Ответа он дожидаться не стал — лишь монументально кивнул, словно отсекая этим любые возможные пререкания. Снова загудела шарманка — впечатление такое, что звук не заунывный, а какой-то недужный, словно чахоточный гнусит. Повернувшись, Салытов покинул заведение. Чувство брезгливости не покидало даже после того, как он вышел на улицу. Он невольно ускорил шаг.
Семьдесят два, семьдесят три, семьдесят четыре, семьдесят пять…
Виргинский шел, считая свои шаги. Но сколько ни иди, а расстояния между собой и собственным своим унижением не изменишь. Оно вот оно, всегда с тобой, смотрит тебе прямо в лицо — в виде башмаков, полученных в дар от ненавистного дознавателя. Вот оно до чего дошло: принял подачку из рук этого злодея! Сам принял, своими руками, от эдакого исчадия. Как они тогда ночью к нему вломились, схватили, будто преступника, — разве такое забудешь! «Вот он, Виргинский». Иуды! И потом еще у этого главного иуды достает наглости уговаривать его добровольно остаться в тюрьме! Сатрапы!
«Дьявол, сущий дьявол», — выговаривал себе Виргинский. — «Подумать только, я чуть было не пошел у него на поводу».
До Виргинского дошло, что он уже не отслеживает количество шагов: считать и одновременно думать достаточно сложно. В том, что он считает, был определенный смысл. Если сосредоточиться на счете, не так неотступно думается об унижении. На чем он, кстати, остановился? Ладно, начнем наугад:
Восемьдесят шесть, восемьдесят семь, восемьдесят восемь…

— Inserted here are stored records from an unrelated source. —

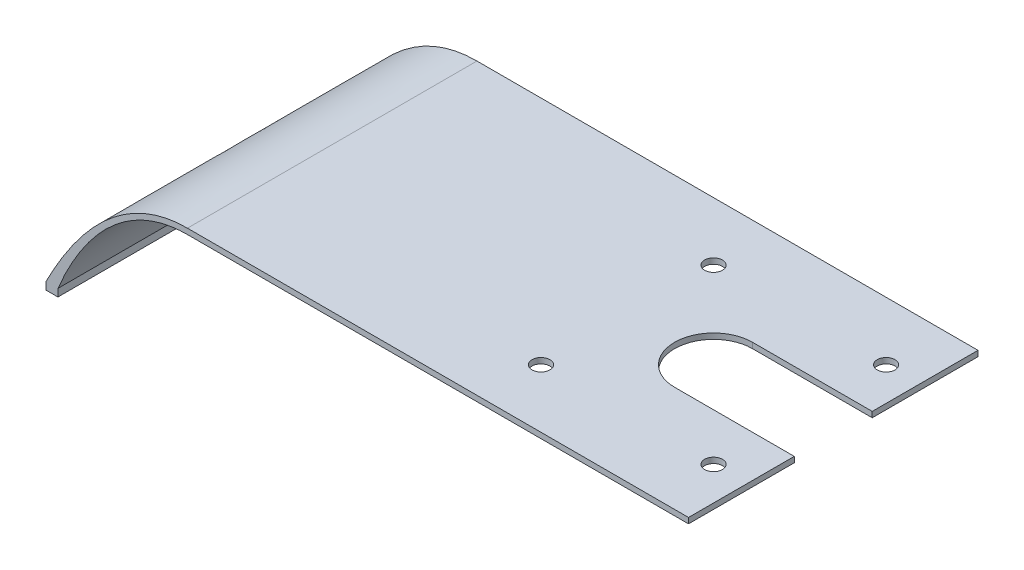
from build123d import *

# Parameters (mm, degrees)
EXTRUDE_1_DEPTH     = 52
SKETCH_3_R          = 1.6
CUT_EXTRUDE_1_DEPTH = 52


with BuildPart() as part:
    # 草图2 → 凸台-拉伸1 (new body)
    with BuildSketch(Plane.XY):
        with BuildLine():
            Line((0, 21), (90, 21))
            Line((90, 21), (90, 20))
            Line((90, 20), (0, 20))
            add(Edge.make_bspline(
                [(0, 20), (-11.918826451, 20), (-19.365080243, 9.425379896), (-23.265119014, 0)],
                knots=[0, 0, 0, 0, 1, 1, 1, 1], degree=3))
            Line((-23.265119014, 0), (-23.265119014, -1.344088089))
            Line((-23.265119014, -1.344088089), (-25.409868427, -1.344088089))
            Line((-25.409868427, -1.344088089), (-25.409868427, 0))
            add(Edge.make_bspline(
                [(0, 21), (-12.514575739, 21), (-20.585292942, 9.393477036), (-25.409868427, 0)],
                knots=[0, 0, 0, 0, 1, 1, 1, 1], degree=3))
        make_face()
    extrude(amount=EXTRUDE_1_DEPTH)

    # 草图3 → 切除-拉伸1 (cut)
    with BuildSketch(Plane(origin=(0, 21, 0), x_dir=(1, 0, 0), z_dir=(0, 1, 0))):
        with Locations(Location((84, -10.5, 0), (0, 0, 270))):
            Circle(SKETCH_3_R)
        with Locations(Location((84, -41.5, 0), (0, 0, 270))):
            Circle(SKETCH_3_R)
        with Locations(Location((53, -41.5, 0), (0, 0, 270))):
            Circle(SKETCH_3_R)
        with Locations(Location((53, -10.5, 0), (0, 0, 270))):
            Circle(SKETCH_3_R)
        with BuildLine():
            Line((90, -19), (68.5, -19))
            ThreePointArc((68.5, -19), (61.5, -26), (68.5, -33))
            Line((68.5, -33), (90, -33))
            Line((90, -33), (90, -19))
        make_face()
    extrude(amount=-CUT_EXTRUDE_1_DEPTH, mode=Mode.SUBTRACT)


solid = part.part

Виргинский шагал вдоль замерзшего Екатерининского канала, в сторону Невского. Без причины в такой день на улице делать явно нечего: льдистый ветер хлещет в лицо, насквозь продувает пальтецо на рыбьем меху — и все это яростно, с пронизывающей силой. В одном месте канал шел на изгиб, вместе с ним к северу изгибалась и протоптанная в снегу тропа. Справа от канала надменно высился Имперский банк, всем своим видом словно заявляя: «Тебе к моим богатствам путь заказан». С другой стороны канала, по иронии судьбы, тянулось унылое здание сиротского приюта.
Виргинский остановился, невольно задумавшись над скрытым во всем этом смыслом. Вот он, слабый, неспособный от голода даже связно думать человек. И вместе с тем ему вдруг показалось невыразимо важным задуматься над тем, что значит стоять вот так, между державным банком и приютом для сирот.
В эту минуту мимо прошаркал бродяга — еще более опустившийся, чем он сам, в рванине, под которую для тепла подложены были солома и газеты. Нищий брел почти бесшумно, возникнув словно из ниоткуда. Таких неприкаянных бедолаг по Петербургу бродило множество. Все они казались на одно лицо — один загнется, другой его сменит. Избегая смотреть на нищего, Виргинский тем не менее остановил взгляд на его обуви — точнее, на расползающихся опорках, которые были когда-то валенками.